The Dark Matter of Language and Intelligence

Yejin Choi speculates on what ACL 2082 may be like, highlighting possible applications for contemporary research areas.

Yejin Choi gave an inspiring keynote. Among other things, it is the first talk I have seen that uses DALL-E 2 for illustrating slides. She highlighted three important research areas in NLP by drawing analogies to physics: ambiguity, reasoning, and implicit information.

In modern physics, a greater understanding often leads to increased ambiguity (see, for instance, Schrödinger’s cat or the wave–particle duality). Yejin similarly encouraged the ACL community to embrace ambiguity. In the past, there was pressure not to work on tasks that did not achieve high inter-annotator agreement; similarly, in traditional sentiment analysis, the neutral class is often discarded. Understanding cannot just be crammed into simple categories. Annotator opinions bias language models (Sap et al., 2021) and ambiguous examples improve generalization (Swayamdipta et al., 2020).

Similar in spirit to the notion of spacetime, Yejin argued that language, knowledge, and reasoning are also not separate areas but exist on a continuum. Reasoning methods such as maieutic prompting (Jung et al., 2022) allow us to investigate the continuum of a model’s knowledge by recursively generating explanations.

Finally, analogous to the central role of dark matter in modern physics, future research in NLP should focus on the “dark matter” of language, the unspoken rules of how the world works, which influence the way people use language. We should aspire to try to teach our models such as tacit rules, values, and objectives (Jiang et al., 2021).
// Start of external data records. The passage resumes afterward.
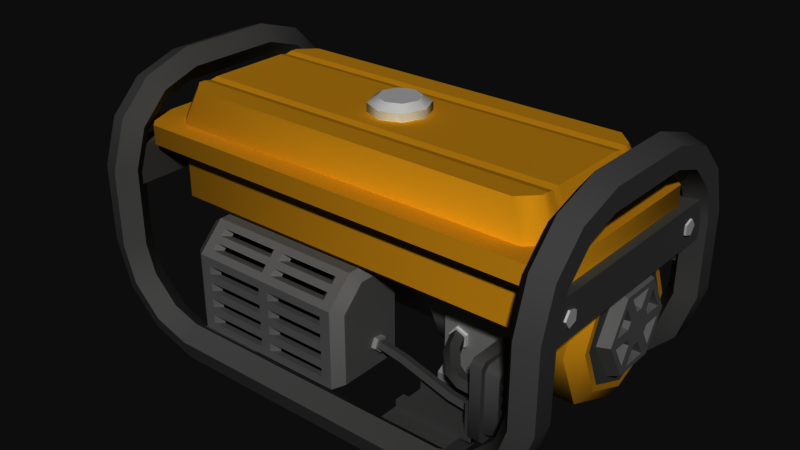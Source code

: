 # Source: Ethanol_Generator.blend  (saved by Blender 2.79.0; exported with 4.5.12 LTS)
import bpy
from mathutils import Matrix  # noqa: F401  (used for matrix-valued properties, if any)

bpy.ops.wm.read_factory_settings(use_empty=True)
scene = bpy.context.scene
scene.name = 'Scene'

# ---- collections
col_collection_1 = bpy.data.collections.new('Collection 1'); scene.collection.children.link(col_collection_1)

# ---- materials (node trees are filled in below, after node groups)
mat_gray75 = bpy.data.materials.new('gray75')
mat_gray75.alpha_threshold = 0.0
mat_gray75.use_transparent_shadow = False
mat_gray75.diffuse_color = (0.75, 0.75, 0.75, 1.0)
mat_gray75.roughness = 0.5
mat_gray25 = bpy.data.materials.new('gray25')
mat_gray25.alpha_threshold = 0.0
mat_gray25.use_transparent_shadow = False
mat_gray25.diffuse_color = (0.25, 0.25, 0.25, 1.0)
mat_gray25.roughness = 0.5
mat_gray50 = bpy.data.materials.new('gray50')
mat_gray50.alpha_threshold = 0.0
mat_gray50.use_transparent_shadow = False
mat_gray50.diffuse_color = (0.5, 0.5, 0.5, 1.0)
mat_gray50.roughness = 0.5
mat_gray35 = bpy.data.materials.new('gray35')
mat_gray35.alpha_threshold = 0.0
mat_gray35.use_transparent_shadow = False
mat_gray35.diffuse_color = (0.35, 0.35, 0.35, 1.0)
mat_gray35.roughness = 0.5
mat_material_001 = bpy.data.materials.new('Material.001')
mat_material_001.alpha_threshold = 0.0
mat_material_001.use_transparent_shadow = False
mat_material_001.diffuse_color = (0.0, 1.0, 0.0, 1.0)
mat_material_001.roughness = 0.5
mat_material_002 = bpy.data.materials.new('Material.002')
mat_material_002.alpha_threshold = 0.0
mat_material_002.use_transparent_shadow = False
mat_material_002.diffuse_color = (1.0, 0.0, 0.0, 1.0)
mat_material_002.roughness = 0.5
mat_blank = bpy.data.materials.new('blank')
mat_blank.alpha_threshold = 0.0
mat_blank.use_transparent_shadow = False
mat_blank.diffuse_color = (0.8, 0.5359, 0.06487, 1.0)
mat_blank.roughness = 0.5
mat_black = bpy.data.materials.new('black')
mat_black.alpha_threshold = 0.0
mat_black.use_transparent_shadow = False
mat_black.diffuse_color = (0.0, 0.0, 0.0, 1.0)
mat_black.roughness = 0.5

# ---- material node trees

# ---- world
world_world = bpy.data.worlds.new('World'); scene.world = world_world
world_world.color = (0.05088, 0.05088, 0.05088)
world_world.use_sun_shadow = False
world_world.sun_shadow_jitter_overblur = 0.0
world_world.cycles.sampling_method = 'MANUAL'

# ---- meshes
me_cube_003 = bpy.data.meshes.new('Cube.003')
me_cube_003.from_pydata([(-2.5, -1.5, -0.6), (-2.5, -1.5, 1.4), (-2.5, 1.5, -0.6), (-2.5, 1.5, 1.4), (2.5, -1.5, -0.6), (2.5, -1.5, 1.4), (2.5, 1.5, -0.6), (2.5, 1.5, 1.4)], [(2, 0), (0, 1), (1, 3), (3, 2), (6, 2), (3, 7), (7, 6), (4, 6), (7, 5), (5, 4), (0, 4), (5, 1)], [])
me_cube_003.use_remesh_preserve_volume = False
me_cube_003.use_remesh_preserve_attributes = False
me_cube_003.use_mirror_vertex_groups = False
me_cube_003.update()
me_cube_002 = bpy.data.meshes.new('Cube.002')
me_cube_002.from_pydata([(-2.5, -1.5, -1.0), (-2.5, -1.5, -0.6), (-2.5, 1.5, -1.0), (-2.5, 1.5, -0.6), (2.5, -1.5, -1.0), (2.5, -1.5, -0.6), (2.5, 1.5, -1.0), (2.5, 1.5, -0.6)], [(2, 0), (0, 1), (1, 3), (3, 2), (6, 2), (3, 7), (7, 6), (4, 6), (7, 5), (5, 4), (0, 4), (5, 1)], [])
me_cube_002.use_remesh_preserve_volume = False
me_cube_002.use_remesh_preserve_attributes = False
me_cube_002.use_mirror_vertex_groups = False
me_cube_002.update()
me_cube_001 = bpy.data.meshes.new('Cube.001')
me_cube_001.from_pydata([(-2.5, -1.5, 1.4), (-2.5, -1.5, 1.8), (-2.5, 1.5, 1.4), (-2.5, 1.5, 1.8), (2.5, -1.5, 1.4), (2.5, -1.5, 1.8), (2.5, 1.5, 1.4), (2.5, 1.5, 1.8)], [(2, 0), (0, 1), (1, 3), (3, 2), (6, 2), (3, 7), (7, 6), (4, 6), (7, 5), (5, 4), (0, 4), (5, 1)], [])
me_cube_001.use_remesh_preserve_volume = False
me_cube_001.use_remesh_preserve_attributes = False
me_cube_001.use_mirror_vertex_groups = False
me_cube_001.update()
me_cube = bpy.data.meshes.new('Cube')
me_cube.from_pydata([(-2.5, -1.5, -1.0), (-2.5, -1.5, 1.8), (-2.5, 1.5, -1.0), (-2.5, 1.5, 1.8), (2.5, -1.5, -1.0), (2.5, -1.5, 1.8), (2.5, 1.5, -1.0), (2.5, 1.5, 1.8)], [(2, 0), (0, 1), (1, 3), (3, 2), (6, 2), (3, 7), (7, 6), (4, 6), (7, 5), (5, 4), (0, 4), (5, 1)], [])
me_cube.use_remesh_preserve_volume = False
me_cube.use_remesh_preserve_attributes = False
me_cube.use_mirror_vertex_groups = False
me_cube.update()
me_circle_019 = bpy.data.meshes.new('Circle.019')
me_circle_019.from_pydata([(-0.2592, 0.9658, 0.2866), (-0.9986, 0.05198, 0.2866), (-0.358, -0.9337, 0.2866), (0.7774, -0.629, 0.2866), (0.8385, 0.5449, 0.2866), (-0.2592, 0.9658, -0.2866), (-0.9986, 0.05198, -0.2866), (-0.358, -0.9337, -0.2866), (0.7774, -0.629, -0.2866), (0.8385, 0.5449, -0.2866)], [], [(0, 4, 9, 5), (3, 2, 7, 8), (1, 0, 5, 6), (4, 3, 8, 9), (2, 1, 6, 7), (2, 3, 4), (2, 4, 0, 1)])
me_circle_019.materials.append(mat_gray75)
me_circle_019.use_remesh_preserve_volume = False
me_circle_019.use_remesh_preserve_attributes = False
me_circle_019.use_mirror_vertex_groups = False
me_circle_019.update()
me_circle_018 = bpy.data.meshes.new('Circle.018')
me_circle_018.from_pydata([(0.4664, 0.7785, -8.006), (-0.4847, 0.08754, -8.006), (-0.1214, -1.03, -8.006), (1.054, -1.03, -8.006), (1.417, 0.08754, -8.006), (0.4664, 0.7785, -7.383), (-0.4847, 0.08754, -7.383), (-0.1214, -1.03, -7.383), (1.054, -1.03, -7.383), (1.417, 0.08754, -7.383), (0.4664, 0.4224, -7.383), (-0.146, -0.02251, -7.383), (0.0879, -0.7424, -7.383), (0.8448, -0.7424, -7.383), (1.079, -0.02251, -7.383), (0.3646, -1.747, 7.529), (-0.2477, -2.192, 7.529), (-0.01381, -2.912, 7.529), (0.7431, -2.912, 7.529), (0.977, -2.192, 7.529), (0.4427, 0.01069, -3.828), (0.3457, -1.385, 3.366), (-0.2552, -1.82, 3.214), (-0.1596, -0.4252, -3.97), (0.8425, -1.124, -4.059), (0.7468, -2.52, 3.137), (0.965, -1.818, 3.318), (1.062, -0.4209, -3.883), (-0.007339, -2.521, 3.072), (0.0875, -1.126, -4.113), (-1.524, 0.4478, 7.529), (-2.428, -0.2087, 7.529), (-2.083, -1.271, 7.529), (-0.9659, -1.271, 7.529), (-0.6208, -0.2087, 7.529), (-1.633, 0.556, 4.626), (-2.536, -0.1007, 4.636), (-2.192, -1.162, 4.579), (-1.076, -1.161, 4.534), (-0.7302, -0.09927, 4.563), (-1.226, 1.108, 3.373), (-2.059, 0.616, 2.815), (-1.687, -0.3654, 2.434), (-0.6233, -0.48, 2.756), (-0.3385, 0.4306, 3.337), (0.01578, 2.826, 1.673), (-0.7421, 2.619, 0.879), (-0.355, 1.788, 0.2409), (0.6422, 1.482, 0.6402), (0.8713, 2.124, 1.525), (1.475, 4.64, 0.7186), (0.9379, 4.712, -0.233), (1.427, 4.01, -0.9437), (2.266, 3.503, -0.4313), (2.295, 3.893, 0.596)], [], [(0, 5, 9, 4), (3, 8, 7, 2), (1, 6, 5, 0), (4, 9, 8, 3), (2, 7, 6, 1), (5, 10, 14, 9), (8, 13, 12, 7), (6, 11, 10, 5), (9, 14, 13, 8), (7, 12, 11, 6), (22, 16, 15, 21), (26, 19, 18, 25), (28, 17, 16, 22), (21, 15, 19, 26), (13, 24, 29, 12), (24, 25, 28, 29), (10, 20, 27, 14), (20, 21, 26, 27), (12, 29, 23, 11), (29, 28, 22, 23), (14, 27, 24, 13), (27, 26, 25, 24), (11, 23, 20, 10), (23, 22, 21, 20), (39, 44, 40, 35), (32, 37, 38, 33), (30, 35, 36, 31), (33, 38, 39, 34), (31, 36, 37, 32), (34, 39, 35, 30), (43, 48, 49, 44), (37, 42, 43, 38), (35, 40, 41, 36), (38, 43, 44, 39), (36, 41, 42, 37), (49, 54, 50, 45), (41, 46, 47, 42), (44, 49, 45, 40), (42, 47, 48, 43), (40, 45, 46, 41), (47, 52, 53, 48), (45, 50, 51, 46), (48, 53, 54, 49), (46, 51, 52, 47), (25, 18, 17, 28)])
me_circle_018.polygons.foreach_set('use_smooth', [True] * 45)
me_circle_018.polygons.foreach_set('material_index', [1, 1, 1, 1, 1, 1, 1, 1, 1, 1, 0, 0, 0, 0, 0, 0, 0, 0, 0, 0, 0, 0, 0, 0, 0, 0, 0, 0, 0, 0, 0, 0, 0, 0, 0, 0, 0, 0, 0, 0, 0, 0, 0, 0, 0])
me_circle_018.materials.append(mat_gray25)
me_circle_018.materials.append(mat_gray50)
me_circle_018.use_remesh_preserve_volume = False
me_circle_018.use_remesh_preserve_attributes = False
me_circle_018.use_mirror_vertex_groups = False
me_circle_018.update()
me_plane_020 = bpy.data.meshes.new('Plane.020')
me_plane_020.from_pydata([(-0.7017, -0.4924, -0.04886), (0.7017, -0.4924, -0.04886), (-0.7017, 0.4924, -0.04886), (0.7017, 0.4924, -0.04886), (-0.5012, -0.4924, -0.04886), (-0.3007, -0.4924, -0.04886), (-0.1002, -0.4924, -0.04886), (0.1002, -0.4924, -0.04886), (0.3007, -0.4924, -0.04886), (0.5012, -0.4924, -0.04886), (0.5012, 0.4924, -0.04886), (0.3007, 0.4924, -0.04886), (0.1002, 0.4924, -0.04886), (-0.1002, 0.4924, -0.04886), (-0.3007, 0.4924, -0.04886), (-0.5012, 0.4924, -0.04886), (-0.7017, 0.3431, 0.04886), (-0.7017, -0.3431, 0.04886), (-0.5012, -0.3431, 0.04886), (-0.5012, 0.3431, 0.04886), (-0.3007, -0.3431, 0.04886), (-0.3007, 0.3431, 0.04886), (-0.1002, -0.3431, 0.04886), (-0.1002, 0.3431, 0.04886), (0.1002, -0.3431, 0.04886), (0.1002, 0.3431, 0.04886), (0.3007, -0.3431, 0.04886), (0.3007, 0.3431, 0.04886), (0.7017, -0.3431, 0.04886), (0.7017, 0.3431, 0.04886), (0.5012, -0.3431, 0.04886), (0.5012, 0.3431, 0.04886)], [], [(31, 29, 3, 10), (16, 19, 15, 2), (21, 23, 13, 14), (25, 27, 11, 12), (0, 4, 18, 17), (17, 18, 19, 16), (5, 6, 22, 20), (20, 22, 23, 21), (7, 8, 26, 24), (24, 26, 27, 25), (9, 1, 28, 30), (30, 28, 29, 31), (17, 16, 2, 0), (19, 18, 4, 15), (21, 14, 5, 20), (23, 22, 6, 13), (25, 12, 7, 24), (27, 26, 8, 11), (31, 10, 9, 30), (29, 28, 1, 3)])
me_plane_020.materials.append(mat_gray35)
me_plane_020.use_remesh_preserve_volume = False
me_plane_020.use_remesh_preserve_attributes = False
me_plane_020.use_mirror_vertex_groups = False
me_plane_020.update()
me_plane_016 = bpy.data.meshes.new('Plane.016')
me_plane_016.from_pydata([(-1.383, -1.0, -0.4635), (-1.577, -0.8063, -0.4635), (1.577, -0.8063, -0.4635), (1.383, -1.0, -0.4635), (-1.577, 0.8063, -0.4635), (-1.383, 1.0, -0.4635), (1.383, 1.0, -0.4635), (1.577, 0.8063, -0.4635), (-1.577, -0.8063, -0.01064), (-1.383, -1.0, -0.01064), (1.383, -1.0, -0.01064), (1.577, -0.8063, -0.01064), (-1.383, 1.0, -0.01064), (-1.577, 0.8063, -0.01064), (1.577, 0.8063, -0.01064), (1.383, 1.0, -0.01064), (-1.182, -0.8055, -0.01064), (-1.385, -0.6079, -0.01064), (1.385, -0.6079, -0.01064), (1.182, -0.8055, -0.01064), (-1.385, 0.6079, -0.01064), (-1.182, 0.8055, -0.01064), (1.182, 0.8055, -0.01064), (1.385, 0.6079, -0.01064), (-1.063, 0.7249, 0.4848), (-1.265, 0.5274, 0.4848), (-1.265, -0.5274, 0.4848), (-1.063, -0.7249, 0.4848), (1.063, -0.7249, 0.4848), (1.265, -0.5274, 0.4848), (1.265, 0.5274, 0.4848), (1.063, 0.7249, 0.4848)], [], [(0, 3, 10, 9), (20, 17, 26, 25), (2, 7, 14, 11), (6, 5, 12, 15), (11, 8, 9, 10), (16, 19, 28, 27), (3, 0, 1, 2), (7, 4, 5, 6), (18, 23, 30, 29), (22, 21, 24, 31), (2, 11, 10, 3), (8, 1, 0, 9), (6, 15, 14, 7), (12, 5, 4, 13), (16, 27, 26, 17), (24, 21, 20, 25), (30, 23, 22, 31), (18, 29, 28, 19), (4, 1, 8, 13), (15, 12, 13, 14), (25, 30, 31, 24), (26, 29, 30, 25), (27, 28, 29, 26), (8, 11, 14, 13), (1, 4, 7, 2)])
me_plane_016.polygons.foreach_set('use_smooth', [True] * 25)
_k = set([(0, 1), (0, 3), (1, 4), (2, 3), (2, 7), (4, 5), (5, 6), (6, 7), (8, 9), (8, 13), (9, 10), (10, 11), (11, 14), (12, 13), (12, 15), (14, 15), (16, 17), (16, 19), (17, 20), (18, 19), (18, 23), (20, 21), (21, 22), (22, 23), (24, 25), (24, 31), (25, 26), (26, 27), (27, 28), (28, 29), (29, 30), (30, 31)])
me_plane_016.attributes.new('sharp_edge', 'BOOLEAN', 'EDGE').data.foreach_set('value', [ (min(e.vertices), max(e.vertices)) in _k for e in me_plane_016.edges])
me_plane_016.materials.append(mat_gray25)
me_plane_016.use_remesh_preserve_volume = False
me_plane_016.use_remesh_preserve_attributes = False
me_plane_016.use_mirror_vertex_groups = False
me_plane_016.update()
me_plane_015 = bpy.data.meshes.new('Plane.015')
me_plane_015.from_pydata([(0.3013, -0.2269, -0.1577), (-0.5283, -0.2269, -0.1577), (-0.5283, 0.2269, -0.1577), (0.227, -0.2269, -0.08451), (0.3013, 0.2269, -0.1577), (0.227, 0.2269, -0.08451), (0.3013, -0.2269, 0.2423), (0.3013, 0.2269, 0.2423), (0.227, -0.2269, 0.2423), (0.227, 0.2269, 0.2423), (-0.5283, -0.2269, -0.08451), (-0.5283, 0.2269, -0.08451), (-0.5283, -0.121, -0.1577), (-0.5283, 0.121, -0.1577), (0.3013, -0.121, -0.1577), (0.3013, 0.121, -0.1577), (0.227, 0.121, -0.08451), (0.227, -0.121, -0.08451), (0.3013, 0.121, 0.2423), (0.3013, -0.121, 0.2423), (0.227, 0.121, 0.2423), (0.227, -0.121, 0.2423), (-0.5283, 0.121, -0.08451), (-0.5283, -0.121, -0.08451)], [], [(15, 13, 2, 4), (13, 22, 11, 2), (16, 5, 11, 22), (19, 21, 8, 6), (14, 19, 6, 0), (16, 20, 9, 5), (17, 14, 12, 23), (3, 8, 21, 17), (4, 7, 18, 15), (7, 9, 20, 18), (2, 11, 5, 4), (9, 7, 4, 5), (3, 17, 23, 10), (1, 10, 23, 12), (0, 1, 12, 14), (22, 13, 15, 16), (16, 15, 18, 20), (17, 21, 19, 14), (1, 0, 3, 10), (3, 0, 6, 8)])
me_plane_015.polygons.foreach_set('use_smooth', [True] * 20)
_k = set([(0, 1), (0, 6), (1, 10), (1, 12), (2, 4), (2, 11), (2, 13), (3, 8), (3, 10), (3, 17), (4, 7), (5, 9), (5, 11), (5, 16), (6, 8), (6, 19), (7, 9), (7, 18), (8, 21), (9, 20), (10, 23), (11, 22), (12, 14), (12, 23), (13, 15), (13, 22), (14, 19), (15, 18), (16, 20), (16, 22), (17, 21), (17, 23), (18, 20), (19, 21)])
me_plane_015.attributes.new('sharp_edge', 'BOOLEAN', 'EDGE').data.foreach_set('value', [ (min(e.vertices), max(e.vertices)) in _k for e in me_plane_015.edges])
me_plane_015.materials.append(mat_gray25)
me_plane_015.use_remesh_preserve_volume = False
me_plane_015.use_remesh_preserve_attributes = False
me_plane_015.use_mirror_vertex_groups = False
me_plane_015.update()
me_circle_009 = bpy.data.meshes.new('Circle.009')
me_circle_009.from_pydata([(-0.7769, 0.06709, 0.8494), (0.4992, -0.2662, 0.8494), (-0.7769, 0.06709, -0.6839), (-0.5412, 0.1647, -0.6839), (-0.06984, 0.1647, -0.6839), (0.1659, 0.06709, -0.6839), (0.4992, -0.2662, -0.6839), (0.5968, -0.5019, -0.6839), (-0.8377, 0.2137, 0.5184), (-0.602, 0.3114, 0.5184), (-0.5412, 0.1647, 0.8494), (-0.06984, 0.1647, 0.8494), (-0.009096, 0.3114, 0.5184), (0.2266, 0.2137, 0.5184), (0.1659, 0.06709, 0.8494), (0.6458, -0.2055, 0.5184), (0.7435, -0.4412, 0.5184), (0.5968, -0.5019, 0.8494), (-0.8207, 0.1727, -0.6839), (-0.585, 0.2704, -0.6839), (-0.02608, 0.2704, -0.6839), (0.2096, 0.1727, -0.6839), (0.6048, -0.2225, -0.6839), (0.7025, -0.4582, -0.6839)], [], [(1, 6, 7, 17), (11, 4, 5, 14), (0, 2, 3, 10), (17, 7, 23, 16), (14, 5, 21, 13), (10, 3, 19, 9), (6, 1, 15, 22), (4, 11, 12, 20), (7, 6, 22, 23), (15, 16, 23, 22), (2, 0, 8, 18), (5, 4, 20, 21), (16, 15, 1, 17), (13, 12, 11, 14), (9, 8, 0, 10), (12, 13, 21, 20), (8, 9, 19, 18), (3, 2, 18, 19)])
me_circle_009.materials.append(mat_gray75)
me_circle_009.use_remesh_preserve_volume = False
me_circle_009.use_remesh_preserve_attributes = False
me_circle_009.use_mirror_vertex_groups = False
me_circle_009.update()
me_plane_006 = bpy.data.meshes.new('Plane.006')
me_plane_006.from_pydata([(-3.0, -0.8571, -0.075), (-1.0, -0.8571, -0.075), (-3.0, 0.8571, -0.075), (-1.0, 0.8571, -0.075), (1.0, -0.8571, -0.075), (3.0, -0.8571, -0.075), (1.0, 0.8571, -0.075), (3.0, 0.8571, -0.075), (-3.0, -0.8571, 0.075), (-1.0, -0.8571, 0.075), (-3.0, 0.8571, 0.075), (-1.0, 0.8571, 0.075), (1.0, -0.8571, 0.075), (3.0, -0.8571, 0.075), (1.0, 0.8571, 0.075), (3.0, 0.8571, 0.075)], [], [(8, 9, 11, 10), (12, 13, 15, 14), (5, 7, 15, 13), (6, 4, 12, 14), (1, 3, 11, 9), (2, 0, 8, 10), (7, 6, 14, 15), (4, 5, 13, 12), (3, 2, 10, 11), (0, 1, 9, 8)])
me_plane_006.polygons.foreach_set('material_index', [0, 1, 1, 1, 0, 0, 1, 1, 0, 0])
me_plane_006.materials.append(mat_material_001)
me_plane_006.materials.append(mat_material_002)
me_plane_006.use_remesh_preserve_volume = False
me_plane_006.use_remesh_preserve_attributes = False
me_plane_006.use_mirror_vertex_groups = False
me_plane_006.update()
me_circle_007 = bpy.data.meshes.new('Circle.007')
me_circle_007.from_pydata([(-1.367, 1.215, -0.5101), (-1.367, -1.215, -0.5101), (-1.367, 1.215, 0.5101), (-1.367, -1.215, 0.5101), (0.4657, 1.215, 0.5101), (0.4657, -1.215, 0.5101), (0.4657, 1.215, -0.5101), (0.4657, -1.215, -0.5101), (0.171, 1.215, 0.5101), (0.171, -1.215, 0.5101), (0.171, 1.215, -0.5101), (0.171, -1.215, -0.5101), (0.4657, 1.37, 0.5101), (0.4657, 1.37, -0.5101), (0.4657, -1.37, 0.5101), (0.4657, -1.37, -0.5101), (0.2643, 1.37, 0.5101), (0.2643, 1.37, -0.5101), (0.2643, -1.37, 0.5101), (0.2643, -1.37, -0.5101)], [], [(5, 4, 2, 3), (7, 1, 0, 6), (3, 2, 0, 1), (11, 19, 18, 9), (7, 15, 19, 11), (14, 18, 19, 15), (13, 17, 16, 12), (9, 18, 14, 5), (10, 17, 13, 6), (8, 16, 17, 10), (4, 12, 16, 8), (0, 2, 8, 10), (1, 11, 9, 3)])
me_circle_007.polygons.foreach_set('material_index', [1, 1, 1, 1, 1, 1, 1, 1, 1, 1, 1, 1, 1])
me_circle_007.materials.append(mat_blank)
me_circle_007.materials.append(mat_gray50)
me_circle_007.use_remesh_preserve_volume = False
me_circle_007.use_remesh_preserve_attributes = False
me_circle_007.use_mirror_vertex_groups = False
me_circle_007.update()
me_plane_003 = bpy.data.meshes.new('Plane.003')
me_plane_003.from_pydata([(-0.4158, -0.6159, -0.4579), (0.4158, -0.6159, -0.4579), (-0.4158, 0.7354, -0.2197), (0.4158, 0.7354, -0.2197), (0.4158, 0.03416, -0.1937), (-0.4158, 0.03416, -0.1937), (-0.4158, -0.7269, 0.1713), (0.4158, -0.7269, 0.1713), (-0.4158, 0.6244, 0.4096), (0.4158, 0.6244, 0.4096), (0.4158, -0.05121, 0.2904), (-0.4158, -0.05121, 0.2904)], [], [(0, 5, 4, 1), (3, 9, 10, 4), (5, 11, 8, 2), (2, 8, 9, 3), (0, 6, 11, 5), (5, 2, 3, 4), (4, 10, 7, 1), (6, 7, 10, 9, 8, 11), (1, 7, 6, 0)])
me_plane_003.materials.append(mat_gray75)
me_plane_003.use_remesh_preserve_volume = False
me_plane_003.use_remesh_preserve_attributes = False
me_plane_003.use_mirror_vertex_groups = False
me_plane_003.update()
me_plane_002 = bpy.data.meshes.new('Plane.002')
me_plane_002.from_pydata([(-0.594, -0.891, 0.1), (0.594, -0.891, 0.1), (-0.594, 0.891, 0.1), (0.594, 0.891, 0.1), (-0.594, -0.891, -0.1), (0.594, -0.891, -0.1), (-0.594, 0.891, -0.1), (0.594, 0.891, -0.1)], [], [(4, 6, 7, 5), (1, 5, 7, 3), (2, 6, 4, 0), (3, 7, 6, 2), (0, 4, 5, 1)])
me_plane_002.materials.append(mat_gray50)
me_plane_002.use_remesh_preserve_volume = False
me_plane_002.use_remesh_preserve_attributes = False
me_plane_002.use_mirror_vertex_groups = False
me_plane_002.update()
me_circle_011 = bpy.data.meshes.new('Circle.011')
me_circle_011.from_pydata([(1.113e-08, 11.16, 0.2344), (-0.9511, 10.47, 0.2344), (-0.5878, 9.347, 0.2344), (0.5878, 9.347, 0.2344), (0.9511, 10.47, 0.2344), (0.9511, 10.47, -0.2344), (0.5878, 9.347, -0.2344), (-0.5878, 9.347, -0.2344), (-0.9511, 10.47, -0.2344), (1.113e-08, 11.16, -0.2344), (1.462e-07, -11.16, 0.2344), (0.9511, -10.47, 0.2344), (0.5878, -9.347, 0.2344), (-0.5878, -9.347, 0.2344), (-0.9511, -10.47, 0.2344), (-0.9511, -10.47, -0.2344), (-0.5878, -9.347, -0.2344), (0.5878, -9.347, -0.2344), (0.9511, -10.47, -0.2344), (1.462e-07, -11.16, -0.2344)], [], [(2, 3, 1), (3, 6, 5, 4), (1, 8, 7, 2), (4, 5, 9, 0), (2, 7, 6, 3), (0, 9, 8, 1), (13, 16, 15, 14), (11, 18, 17, 12), (14, 15, 19, 10), (12, 17, 16, 13), (10, 19, 18, 11), (1, 3, 4, 0), (13, 14, 12), (10, 11, 12, 14)])
me_circle_011.polygons.foreach_set('use_smooth', [True] * 14)
me_circle_011.materials.append(mat_gray75)
me_circle_011.use_remesh_preserve_volume = False
me_circle_011.use_remesh_preserve_attributes = False
me_circle_011.use_mirror_vertex_groups = False
me_circle_011.update()
me_plane_019 = bpy.data.meshes.new('Plane.019')
me_plane_019.from_pydata([(-0.21, -0.4595, -0.075), (0.21, -0.4595, -0.075), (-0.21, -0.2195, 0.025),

Yejin concluded her talk with a candid take of factors that led to her success: being humble, learning from others, taking risks; but also being lucky and working in an inclusive environment.

Hybrid conference experience

I personally really enjoyed the in-person conference experience. There was a strict mask wearing requirement, which everyone adhered to and which did not otherwise impede the flow of the conference. The only issues were some technical problems that occurred during plenary and keynote talks.

On the other hand, I found it difficult to reconcile the in-person with the virtual conference experience. Virtual poster sessions overlapped with breakfast or dinner, which made attending them difficult. From what I have heard, many virtual poster sessions were almost empty. It seems we need to rethink how to conduct virtual poster sessions in a hybrid setting. As an alternative, it may be more effective to create asynchronous per-poster chat rooms in or a similar platform, with the ability to set up impromptu video calls for deeper conversations.

The experience was better for oral presentations and workshops, which had a reasonable number of virtual participants. I particularly appreciate being able to rewatch the recordings of keynotes and other invited talks.

Overall, we still have some way to go to create a great experience for virtual participants. However, it was a blast being able to interact with people in-person again. Thanks to all the organizers, volunteers, and to the community for putting together a great conference!